▸ **Materials provided**
· · · · ·
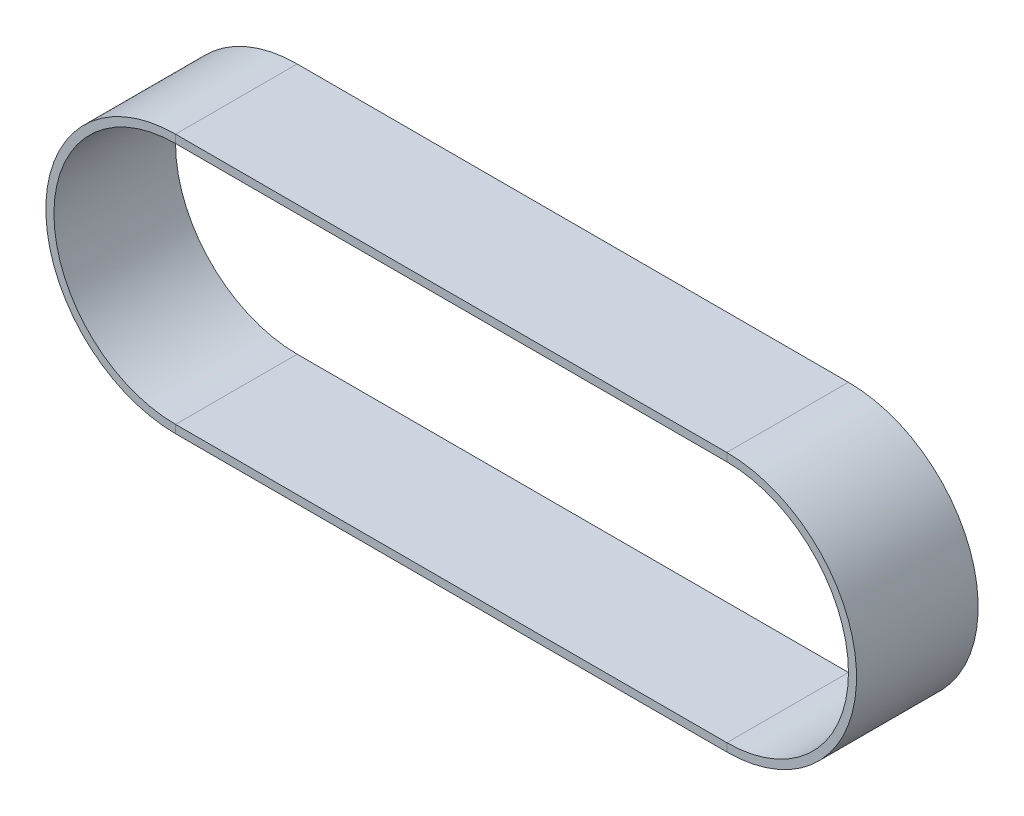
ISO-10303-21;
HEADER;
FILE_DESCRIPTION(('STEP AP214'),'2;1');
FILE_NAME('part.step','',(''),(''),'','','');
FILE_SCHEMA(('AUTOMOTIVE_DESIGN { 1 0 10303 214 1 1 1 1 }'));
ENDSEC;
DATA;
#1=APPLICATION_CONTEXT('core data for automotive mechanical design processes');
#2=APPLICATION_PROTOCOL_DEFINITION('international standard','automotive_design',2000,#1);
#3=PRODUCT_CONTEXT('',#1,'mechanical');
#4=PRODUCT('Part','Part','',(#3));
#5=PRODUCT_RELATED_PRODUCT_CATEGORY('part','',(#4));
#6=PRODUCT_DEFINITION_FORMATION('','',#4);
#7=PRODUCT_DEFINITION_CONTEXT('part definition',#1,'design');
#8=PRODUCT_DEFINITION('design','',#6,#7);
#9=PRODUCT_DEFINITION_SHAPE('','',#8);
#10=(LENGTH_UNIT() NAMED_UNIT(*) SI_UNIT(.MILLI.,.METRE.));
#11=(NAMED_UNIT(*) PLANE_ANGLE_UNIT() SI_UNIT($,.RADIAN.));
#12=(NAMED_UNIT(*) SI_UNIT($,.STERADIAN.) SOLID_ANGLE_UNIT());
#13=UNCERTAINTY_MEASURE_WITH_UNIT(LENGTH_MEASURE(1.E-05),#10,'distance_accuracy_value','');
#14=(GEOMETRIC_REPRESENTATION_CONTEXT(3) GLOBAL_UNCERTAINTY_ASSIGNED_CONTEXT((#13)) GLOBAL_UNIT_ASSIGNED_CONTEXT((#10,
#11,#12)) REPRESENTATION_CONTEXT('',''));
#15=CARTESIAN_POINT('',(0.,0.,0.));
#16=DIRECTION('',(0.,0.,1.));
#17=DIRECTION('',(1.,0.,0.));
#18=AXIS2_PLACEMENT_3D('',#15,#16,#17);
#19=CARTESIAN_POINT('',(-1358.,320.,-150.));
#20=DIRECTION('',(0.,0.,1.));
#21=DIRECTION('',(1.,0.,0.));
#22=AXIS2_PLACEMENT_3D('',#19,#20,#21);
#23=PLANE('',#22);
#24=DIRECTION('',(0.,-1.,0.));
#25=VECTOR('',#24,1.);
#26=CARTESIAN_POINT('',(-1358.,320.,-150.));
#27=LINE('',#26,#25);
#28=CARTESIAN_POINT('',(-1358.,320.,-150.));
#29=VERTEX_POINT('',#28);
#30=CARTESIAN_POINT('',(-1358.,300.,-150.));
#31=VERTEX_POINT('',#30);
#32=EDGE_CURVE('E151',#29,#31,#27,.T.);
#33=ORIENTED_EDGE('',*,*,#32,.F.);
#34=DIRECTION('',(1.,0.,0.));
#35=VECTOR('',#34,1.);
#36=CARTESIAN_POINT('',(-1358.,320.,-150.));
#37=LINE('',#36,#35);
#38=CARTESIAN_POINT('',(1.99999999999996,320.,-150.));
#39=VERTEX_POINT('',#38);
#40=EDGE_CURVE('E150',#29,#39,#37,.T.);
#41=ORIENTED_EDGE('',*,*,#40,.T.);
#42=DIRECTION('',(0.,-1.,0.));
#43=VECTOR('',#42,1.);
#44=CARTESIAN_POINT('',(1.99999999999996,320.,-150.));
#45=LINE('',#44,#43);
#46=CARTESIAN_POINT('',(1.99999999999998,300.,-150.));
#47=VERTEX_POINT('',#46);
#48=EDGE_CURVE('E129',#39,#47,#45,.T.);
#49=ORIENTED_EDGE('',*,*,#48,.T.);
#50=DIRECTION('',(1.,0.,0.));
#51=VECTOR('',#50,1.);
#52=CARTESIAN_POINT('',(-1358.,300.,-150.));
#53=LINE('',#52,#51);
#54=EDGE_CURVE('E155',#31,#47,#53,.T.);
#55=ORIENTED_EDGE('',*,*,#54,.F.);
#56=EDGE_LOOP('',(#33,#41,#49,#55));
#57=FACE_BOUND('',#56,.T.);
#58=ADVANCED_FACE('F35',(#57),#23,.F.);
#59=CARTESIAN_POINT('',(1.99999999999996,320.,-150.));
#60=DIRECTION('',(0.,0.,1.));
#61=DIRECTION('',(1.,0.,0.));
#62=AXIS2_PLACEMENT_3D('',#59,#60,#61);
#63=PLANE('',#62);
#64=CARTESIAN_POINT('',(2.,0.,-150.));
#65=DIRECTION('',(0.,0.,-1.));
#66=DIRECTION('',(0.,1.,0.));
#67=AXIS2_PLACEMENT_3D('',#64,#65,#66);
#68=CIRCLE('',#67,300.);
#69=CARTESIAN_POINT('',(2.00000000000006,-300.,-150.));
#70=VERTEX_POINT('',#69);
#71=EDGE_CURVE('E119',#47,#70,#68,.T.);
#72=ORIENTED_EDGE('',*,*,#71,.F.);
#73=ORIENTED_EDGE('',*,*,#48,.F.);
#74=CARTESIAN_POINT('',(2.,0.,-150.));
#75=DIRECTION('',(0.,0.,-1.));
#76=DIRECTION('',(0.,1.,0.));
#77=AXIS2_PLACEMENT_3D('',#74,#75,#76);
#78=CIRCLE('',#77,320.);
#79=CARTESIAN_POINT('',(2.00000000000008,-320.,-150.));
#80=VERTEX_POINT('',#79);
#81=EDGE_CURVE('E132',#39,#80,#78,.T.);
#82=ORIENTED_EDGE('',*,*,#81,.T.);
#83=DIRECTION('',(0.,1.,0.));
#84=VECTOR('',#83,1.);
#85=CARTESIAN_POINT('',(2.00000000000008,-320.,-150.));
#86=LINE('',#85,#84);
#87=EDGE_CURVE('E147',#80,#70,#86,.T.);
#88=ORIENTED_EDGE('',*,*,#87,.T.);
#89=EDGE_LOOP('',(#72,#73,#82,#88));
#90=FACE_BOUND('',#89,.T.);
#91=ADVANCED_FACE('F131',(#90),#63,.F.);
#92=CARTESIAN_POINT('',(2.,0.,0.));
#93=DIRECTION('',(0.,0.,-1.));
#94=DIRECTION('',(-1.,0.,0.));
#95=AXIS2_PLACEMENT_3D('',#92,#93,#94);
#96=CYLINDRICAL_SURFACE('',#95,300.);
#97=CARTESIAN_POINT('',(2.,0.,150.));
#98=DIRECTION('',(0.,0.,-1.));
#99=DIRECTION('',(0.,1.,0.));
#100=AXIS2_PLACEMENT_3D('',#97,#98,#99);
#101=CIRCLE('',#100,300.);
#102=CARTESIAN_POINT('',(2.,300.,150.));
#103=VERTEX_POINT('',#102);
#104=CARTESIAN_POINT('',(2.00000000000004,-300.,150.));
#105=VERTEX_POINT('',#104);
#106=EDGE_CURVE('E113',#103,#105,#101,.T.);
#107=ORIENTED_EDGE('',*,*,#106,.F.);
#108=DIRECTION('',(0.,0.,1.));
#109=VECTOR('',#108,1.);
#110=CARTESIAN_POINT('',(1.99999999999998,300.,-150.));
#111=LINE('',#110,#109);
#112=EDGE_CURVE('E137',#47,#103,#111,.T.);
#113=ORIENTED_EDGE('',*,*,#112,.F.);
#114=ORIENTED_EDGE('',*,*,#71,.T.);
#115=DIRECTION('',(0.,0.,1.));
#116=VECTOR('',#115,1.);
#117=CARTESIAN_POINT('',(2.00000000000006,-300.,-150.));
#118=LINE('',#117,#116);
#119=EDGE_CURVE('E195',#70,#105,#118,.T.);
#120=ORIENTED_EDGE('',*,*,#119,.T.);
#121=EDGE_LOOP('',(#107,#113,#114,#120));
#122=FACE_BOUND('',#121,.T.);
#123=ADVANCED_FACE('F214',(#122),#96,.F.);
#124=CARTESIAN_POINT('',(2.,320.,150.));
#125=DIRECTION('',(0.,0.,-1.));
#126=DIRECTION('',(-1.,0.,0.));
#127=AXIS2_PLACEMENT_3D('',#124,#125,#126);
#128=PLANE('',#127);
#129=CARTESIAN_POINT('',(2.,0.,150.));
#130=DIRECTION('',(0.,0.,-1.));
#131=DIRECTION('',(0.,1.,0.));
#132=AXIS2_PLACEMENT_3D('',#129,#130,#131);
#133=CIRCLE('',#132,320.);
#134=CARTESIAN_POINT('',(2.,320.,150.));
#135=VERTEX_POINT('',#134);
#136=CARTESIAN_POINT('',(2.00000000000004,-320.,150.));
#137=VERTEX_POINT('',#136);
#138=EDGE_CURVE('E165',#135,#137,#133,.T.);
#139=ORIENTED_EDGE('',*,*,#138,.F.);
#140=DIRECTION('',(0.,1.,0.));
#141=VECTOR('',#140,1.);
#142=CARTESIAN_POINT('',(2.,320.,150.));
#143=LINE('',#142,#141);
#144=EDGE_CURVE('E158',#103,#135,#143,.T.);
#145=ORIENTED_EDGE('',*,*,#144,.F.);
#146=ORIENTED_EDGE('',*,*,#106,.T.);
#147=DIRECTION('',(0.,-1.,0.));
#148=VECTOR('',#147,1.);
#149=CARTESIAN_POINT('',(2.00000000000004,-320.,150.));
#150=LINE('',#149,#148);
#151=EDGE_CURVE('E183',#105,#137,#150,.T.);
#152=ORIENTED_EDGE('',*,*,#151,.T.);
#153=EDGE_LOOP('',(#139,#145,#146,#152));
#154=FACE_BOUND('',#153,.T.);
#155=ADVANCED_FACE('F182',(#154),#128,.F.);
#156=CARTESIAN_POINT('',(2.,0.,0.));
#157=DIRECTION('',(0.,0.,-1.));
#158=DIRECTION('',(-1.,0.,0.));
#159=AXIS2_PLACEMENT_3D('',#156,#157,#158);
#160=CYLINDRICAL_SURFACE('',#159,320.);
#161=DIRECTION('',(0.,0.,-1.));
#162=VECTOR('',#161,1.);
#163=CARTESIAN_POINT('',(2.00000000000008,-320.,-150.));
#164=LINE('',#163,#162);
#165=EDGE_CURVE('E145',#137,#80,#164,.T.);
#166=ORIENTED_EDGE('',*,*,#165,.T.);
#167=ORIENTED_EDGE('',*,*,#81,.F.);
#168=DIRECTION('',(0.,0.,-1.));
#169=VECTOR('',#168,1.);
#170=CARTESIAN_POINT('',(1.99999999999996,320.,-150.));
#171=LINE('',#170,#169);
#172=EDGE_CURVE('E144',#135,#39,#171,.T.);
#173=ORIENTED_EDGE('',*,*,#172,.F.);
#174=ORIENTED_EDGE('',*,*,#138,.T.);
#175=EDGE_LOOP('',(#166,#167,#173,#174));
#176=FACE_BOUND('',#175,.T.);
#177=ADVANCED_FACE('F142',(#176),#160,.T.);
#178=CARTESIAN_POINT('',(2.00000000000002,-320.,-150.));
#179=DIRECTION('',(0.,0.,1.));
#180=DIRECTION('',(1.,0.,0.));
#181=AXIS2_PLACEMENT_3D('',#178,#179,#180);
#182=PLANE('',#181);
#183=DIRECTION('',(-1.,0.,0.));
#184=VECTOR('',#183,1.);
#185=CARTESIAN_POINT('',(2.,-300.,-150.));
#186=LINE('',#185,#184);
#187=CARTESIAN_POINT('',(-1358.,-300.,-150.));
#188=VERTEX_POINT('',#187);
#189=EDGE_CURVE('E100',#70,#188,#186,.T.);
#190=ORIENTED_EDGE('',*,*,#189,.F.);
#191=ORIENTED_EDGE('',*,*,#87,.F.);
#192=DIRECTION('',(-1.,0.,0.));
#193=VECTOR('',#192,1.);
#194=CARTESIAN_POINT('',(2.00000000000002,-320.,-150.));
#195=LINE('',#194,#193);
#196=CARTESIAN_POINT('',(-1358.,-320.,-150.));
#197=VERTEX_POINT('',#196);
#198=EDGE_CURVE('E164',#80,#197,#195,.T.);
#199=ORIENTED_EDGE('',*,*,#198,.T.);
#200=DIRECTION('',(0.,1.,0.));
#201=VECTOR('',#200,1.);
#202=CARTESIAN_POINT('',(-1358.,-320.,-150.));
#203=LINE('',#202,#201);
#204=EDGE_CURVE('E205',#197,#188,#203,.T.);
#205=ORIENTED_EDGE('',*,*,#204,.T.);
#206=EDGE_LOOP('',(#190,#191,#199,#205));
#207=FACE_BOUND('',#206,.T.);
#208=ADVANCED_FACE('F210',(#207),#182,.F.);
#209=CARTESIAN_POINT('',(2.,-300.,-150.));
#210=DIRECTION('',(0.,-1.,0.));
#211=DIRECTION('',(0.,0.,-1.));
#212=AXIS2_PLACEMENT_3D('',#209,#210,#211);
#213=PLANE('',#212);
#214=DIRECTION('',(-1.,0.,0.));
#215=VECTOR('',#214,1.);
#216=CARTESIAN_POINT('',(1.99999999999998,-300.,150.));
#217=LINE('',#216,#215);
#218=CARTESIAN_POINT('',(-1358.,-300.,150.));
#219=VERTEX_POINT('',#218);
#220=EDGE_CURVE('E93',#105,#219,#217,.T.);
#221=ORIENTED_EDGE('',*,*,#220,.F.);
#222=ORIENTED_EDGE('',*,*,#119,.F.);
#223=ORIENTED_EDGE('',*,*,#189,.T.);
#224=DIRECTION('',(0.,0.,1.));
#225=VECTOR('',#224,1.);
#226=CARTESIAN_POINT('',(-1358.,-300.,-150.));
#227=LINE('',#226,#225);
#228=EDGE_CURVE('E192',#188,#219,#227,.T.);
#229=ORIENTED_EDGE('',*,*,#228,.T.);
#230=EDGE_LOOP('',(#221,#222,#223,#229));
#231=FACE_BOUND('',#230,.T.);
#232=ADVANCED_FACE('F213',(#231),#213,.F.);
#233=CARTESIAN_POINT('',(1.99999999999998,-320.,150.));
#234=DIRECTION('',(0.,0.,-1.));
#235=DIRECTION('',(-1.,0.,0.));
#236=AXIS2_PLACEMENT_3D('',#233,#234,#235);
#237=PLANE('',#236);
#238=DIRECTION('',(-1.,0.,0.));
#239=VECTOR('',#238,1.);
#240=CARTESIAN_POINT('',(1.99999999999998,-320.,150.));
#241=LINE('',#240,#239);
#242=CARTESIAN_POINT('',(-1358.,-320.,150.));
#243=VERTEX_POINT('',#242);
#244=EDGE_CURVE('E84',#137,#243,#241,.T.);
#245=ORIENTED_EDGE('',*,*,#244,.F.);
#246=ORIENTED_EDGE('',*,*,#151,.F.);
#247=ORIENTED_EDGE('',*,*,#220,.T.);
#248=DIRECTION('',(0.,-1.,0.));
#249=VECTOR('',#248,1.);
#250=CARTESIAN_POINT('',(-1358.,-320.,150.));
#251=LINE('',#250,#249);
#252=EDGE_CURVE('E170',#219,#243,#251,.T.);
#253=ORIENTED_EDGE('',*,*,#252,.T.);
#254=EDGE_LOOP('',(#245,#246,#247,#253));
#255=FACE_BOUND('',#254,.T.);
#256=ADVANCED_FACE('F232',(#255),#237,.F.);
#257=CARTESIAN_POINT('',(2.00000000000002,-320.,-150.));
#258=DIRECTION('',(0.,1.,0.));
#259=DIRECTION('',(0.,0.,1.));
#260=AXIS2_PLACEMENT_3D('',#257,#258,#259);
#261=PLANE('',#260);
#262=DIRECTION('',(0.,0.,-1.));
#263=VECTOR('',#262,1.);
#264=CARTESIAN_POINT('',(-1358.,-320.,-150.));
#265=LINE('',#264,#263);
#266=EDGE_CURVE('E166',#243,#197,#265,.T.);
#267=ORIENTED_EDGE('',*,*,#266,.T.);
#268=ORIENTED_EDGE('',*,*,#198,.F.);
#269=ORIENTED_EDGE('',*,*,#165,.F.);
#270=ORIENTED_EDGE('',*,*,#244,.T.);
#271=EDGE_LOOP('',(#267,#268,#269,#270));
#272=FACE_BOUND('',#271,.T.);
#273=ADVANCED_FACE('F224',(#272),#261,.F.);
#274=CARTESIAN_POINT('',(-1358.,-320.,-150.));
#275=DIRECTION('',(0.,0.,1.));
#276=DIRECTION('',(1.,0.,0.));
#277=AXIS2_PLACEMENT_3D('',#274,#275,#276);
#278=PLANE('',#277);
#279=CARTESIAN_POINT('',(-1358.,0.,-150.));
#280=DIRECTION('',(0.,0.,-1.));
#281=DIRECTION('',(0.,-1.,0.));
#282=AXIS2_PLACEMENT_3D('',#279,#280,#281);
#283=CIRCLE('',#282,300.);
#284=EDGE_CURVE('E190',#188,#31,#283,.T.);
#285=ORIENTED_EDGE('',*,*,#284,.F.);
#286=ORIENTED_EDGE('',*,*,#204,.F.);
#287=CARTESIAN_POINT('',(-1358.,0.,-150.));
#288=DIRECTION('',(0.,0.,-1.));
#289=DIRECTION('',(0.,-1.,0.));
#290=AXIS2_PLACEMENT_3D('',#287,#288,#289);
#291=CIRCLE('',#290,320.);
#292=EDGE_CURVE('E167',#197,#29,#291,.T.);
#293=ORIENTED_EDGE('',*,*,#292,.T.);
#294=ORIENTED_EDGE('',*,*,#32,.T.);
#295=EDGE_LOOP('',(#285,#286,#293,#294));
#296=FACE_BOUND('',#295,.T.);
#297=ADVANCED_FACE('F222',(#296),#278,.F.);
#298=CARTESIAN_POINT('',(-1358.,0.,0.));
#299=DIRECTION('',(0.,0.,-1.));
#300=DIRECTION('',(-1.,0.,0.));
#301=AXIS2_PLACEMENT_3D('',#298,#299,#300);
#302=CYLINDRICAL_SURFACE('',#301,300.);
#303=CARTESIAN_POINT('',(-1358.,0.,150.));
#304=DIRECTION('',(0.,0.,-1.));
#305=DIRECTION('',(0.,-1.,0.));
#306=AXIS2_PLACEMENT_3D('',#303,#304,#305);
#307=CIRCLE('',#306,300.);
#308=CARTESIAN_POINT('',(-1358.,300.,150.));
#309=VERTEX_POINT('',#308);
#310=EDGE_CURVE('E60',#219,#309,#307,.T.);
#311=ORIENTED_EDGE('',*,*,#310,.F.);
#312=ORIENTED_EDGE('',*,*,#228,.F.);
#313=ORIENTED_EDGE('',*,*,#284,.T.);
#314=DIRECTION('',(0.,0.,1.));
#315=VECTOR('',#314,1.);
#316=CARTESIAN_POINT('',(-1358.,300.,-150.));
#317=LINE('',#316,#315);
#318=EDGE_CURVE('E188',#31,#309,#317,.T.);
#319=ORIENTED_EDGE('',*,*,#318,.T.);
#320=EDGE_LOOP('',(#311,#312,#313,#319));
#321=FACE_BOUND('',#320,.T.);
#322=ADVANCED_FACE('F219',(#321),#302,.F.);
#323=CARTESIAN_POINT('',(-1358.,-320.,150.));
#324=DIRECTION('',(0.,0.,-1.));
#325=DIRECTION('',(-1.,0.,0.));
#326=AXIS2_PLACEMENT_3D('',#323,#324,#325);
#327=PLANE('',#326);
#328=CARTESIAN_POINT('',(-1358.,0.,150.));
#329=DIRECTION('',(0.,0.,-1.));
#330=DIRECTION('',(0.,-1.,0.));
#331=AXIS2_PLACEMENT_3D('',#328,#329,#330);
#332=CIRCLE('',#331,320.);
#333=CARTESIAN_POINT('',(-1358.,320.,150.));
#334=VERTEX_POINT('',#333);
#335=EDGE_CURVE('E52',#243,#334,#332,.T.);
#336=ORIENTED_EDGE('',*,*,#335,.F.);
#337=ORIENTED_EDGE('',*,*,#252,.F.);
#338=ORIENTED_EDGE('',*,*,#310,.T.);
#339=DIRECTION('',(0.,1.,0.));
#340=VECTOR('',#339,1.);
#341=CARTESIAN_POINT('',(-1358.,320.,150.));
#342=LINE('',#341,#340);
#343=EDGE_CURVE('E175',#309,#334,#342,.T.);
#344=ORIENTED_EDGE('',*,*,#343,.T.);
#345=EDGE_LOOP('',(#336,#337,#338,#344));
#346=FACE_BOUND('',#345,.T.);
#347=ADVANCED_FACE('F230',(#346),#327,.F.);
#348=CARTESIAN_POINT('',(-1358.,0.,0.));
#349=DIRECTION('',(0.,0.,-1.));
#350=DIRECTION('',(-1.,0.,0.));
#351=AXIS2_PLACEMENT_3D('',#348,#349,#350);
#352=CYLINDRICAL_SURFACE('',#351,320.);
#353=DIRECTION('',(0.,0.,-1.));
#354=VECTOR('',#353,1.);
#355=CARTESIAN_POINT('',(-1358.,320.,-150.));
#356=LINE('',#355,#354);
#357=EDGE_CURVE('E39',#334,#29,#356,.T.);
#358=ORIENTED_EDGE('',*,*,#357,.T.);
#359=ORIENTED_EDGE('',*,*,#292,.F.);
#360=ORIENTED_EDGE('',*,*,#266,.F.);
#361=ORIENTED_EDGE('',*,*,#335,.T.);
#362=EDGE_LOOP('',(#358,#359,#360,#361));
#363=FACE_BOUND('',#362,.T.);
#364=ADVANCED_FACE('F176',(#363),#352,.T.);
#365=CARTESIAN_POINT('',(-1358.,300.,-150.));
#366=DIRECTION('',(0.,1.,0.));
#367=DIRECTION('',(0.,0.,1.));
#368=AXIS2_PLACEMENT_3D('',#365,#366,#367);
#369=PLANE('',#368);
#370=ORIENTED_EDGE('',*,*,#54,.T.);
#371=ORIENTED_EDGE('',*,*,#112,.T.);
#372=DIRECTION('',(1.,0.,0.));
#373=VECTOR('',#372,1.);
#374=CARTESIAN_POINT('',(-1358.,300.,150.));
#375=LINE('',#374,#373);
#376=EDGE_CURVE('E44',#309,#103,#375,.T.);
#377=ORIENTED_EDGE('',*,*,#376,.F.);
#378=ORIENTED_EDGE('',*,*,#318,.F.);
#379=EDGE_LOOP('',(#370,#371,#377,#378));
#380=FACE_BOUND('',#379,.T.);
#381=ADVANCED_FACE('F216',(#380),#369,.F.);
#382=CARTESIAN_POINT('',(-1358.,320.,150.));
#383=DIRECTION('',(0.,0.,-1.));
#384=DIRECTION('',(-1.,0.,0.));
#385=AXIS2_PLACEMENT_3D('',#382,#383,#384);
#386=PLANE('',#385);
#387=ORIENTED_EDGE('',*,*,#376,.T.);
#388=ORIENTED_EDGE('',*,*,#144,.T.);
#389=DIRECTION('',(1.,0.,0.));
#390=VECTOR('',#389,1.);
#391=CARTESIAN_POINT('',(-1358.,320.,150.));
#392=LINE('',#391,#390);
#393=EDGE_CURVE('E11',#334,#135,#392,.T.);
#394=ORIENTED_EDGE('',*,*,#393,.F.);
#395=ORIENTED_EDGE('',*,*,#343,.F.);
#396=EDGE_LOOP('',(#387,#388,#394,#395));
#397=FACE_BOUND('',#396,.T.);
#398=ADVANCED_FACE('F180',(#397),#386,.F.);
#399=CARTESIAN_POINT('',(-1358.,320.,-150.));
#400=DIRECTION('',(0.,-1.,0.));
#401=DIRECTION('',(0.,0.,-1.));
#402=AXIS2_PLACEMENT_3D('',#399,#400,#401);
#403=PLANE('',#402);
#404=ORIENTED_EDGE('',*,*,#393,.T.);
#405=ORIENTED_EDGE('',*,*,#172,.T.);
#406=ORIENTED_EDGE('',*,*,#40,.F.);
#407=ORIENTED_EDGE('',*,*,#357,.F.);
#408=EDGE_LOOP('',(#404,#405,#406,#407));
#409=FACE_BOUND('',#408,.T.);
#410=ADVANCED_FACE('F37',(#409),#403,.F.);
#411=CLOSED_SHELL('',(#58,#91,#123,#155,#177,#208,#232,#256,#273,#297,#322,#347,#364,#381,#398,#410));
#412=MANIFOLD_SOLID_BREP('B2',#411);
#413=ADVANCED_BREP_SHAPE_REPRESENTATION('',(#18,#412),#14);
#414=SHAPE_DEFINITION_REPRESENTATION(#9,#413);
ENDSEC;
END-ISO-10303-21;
· · · · ·
Your answer should be the exact lines above from the one with "#195=LINE('',#194,#193);" through the one with "#232=ADVANCED_FACE('F213',(#231),#213,.F.);", both included, and nothing besides.

▸ **Result for this exercise**
#195=LINE('',#194,#193);
#196=CARTESIAN_POINT('',(-1358.,-320.,-150.));
#197=VERTEX_POINT('',#196);
#198=EDGE_CURVE('E164',#80,#197,#195,.T.);
#199=ORIENTED_EDGE('',*,*,#198,.T.);
#200=DIRECTION('',(0.,1.,0.));
#201=VECTOR('',#200,1.);
#202=CARTESIAN_POINT('',(-1358.,-320.,-150.));
#203=LINE('',#202,#201);
#204=EDGE_CURVE('E205',#197,#188,#203,.T.);
#205=ORIENTED_EDGE('',*,*,#204,.T.);
#206=EDGE_LOOP('',(#190,#191,#199,#205));
#207=FACE_BOUND('',#206,.T.);
#208=ADVANCED_FACE('F210',(#207),#182,.F.);
#209=CARTESIAN_POINT('',(2.,-300.,-150.));
#210=DIRECTION('',(0.,-1.,0.));
#211=DIRECTION('',(0.,0.,-1.));
#212=AXIS2_PLACEMENT_3D('',#209,#210,#211);
#213=PLANE('',#212);
#214=DIRECTION('',(-1.,0.,0.));
#215=VECTOR('',#214,1.);
#216=CARTESIAN_POINT('',(1.99999999999998,-300.,150.));
#217=LINE('',#216,#215);
#218=CARTESIAN_POINT('',(-1358.,-300.,150.));
#219=VERTEX_POINT('',#218);
#220=EDGE_CURVE('E93',#105,#219,#217,.T.);
#221=ORIENTED_EDGE('',*,*,#220,.F.);
#222=ORIENTED_EDGE('',*,*,#119,.F.);
#223=ORIENTED_EDGE('',*,*,#189,.T.);
#224=DIRECTION('',(0.,0.,1.));
#225=VECTOR('',#224,1.);
#226=CARTESIAN_POINT('',(-1358.,-300.,-150.));
#227=LINE('',#226,#225);
#228=EDGE_CURVE('E192',#188,#219,#227,.T.);
#229=ORIENTED_EDGE('',*,*,#228,.T.);
#230=EDGE_LOOP('',(#221,#222,#223,#229));
#231=FACE_BOUND('',#230,.T.);
#232=ADVANCED_FACE('F213',(#231),#213,.F.);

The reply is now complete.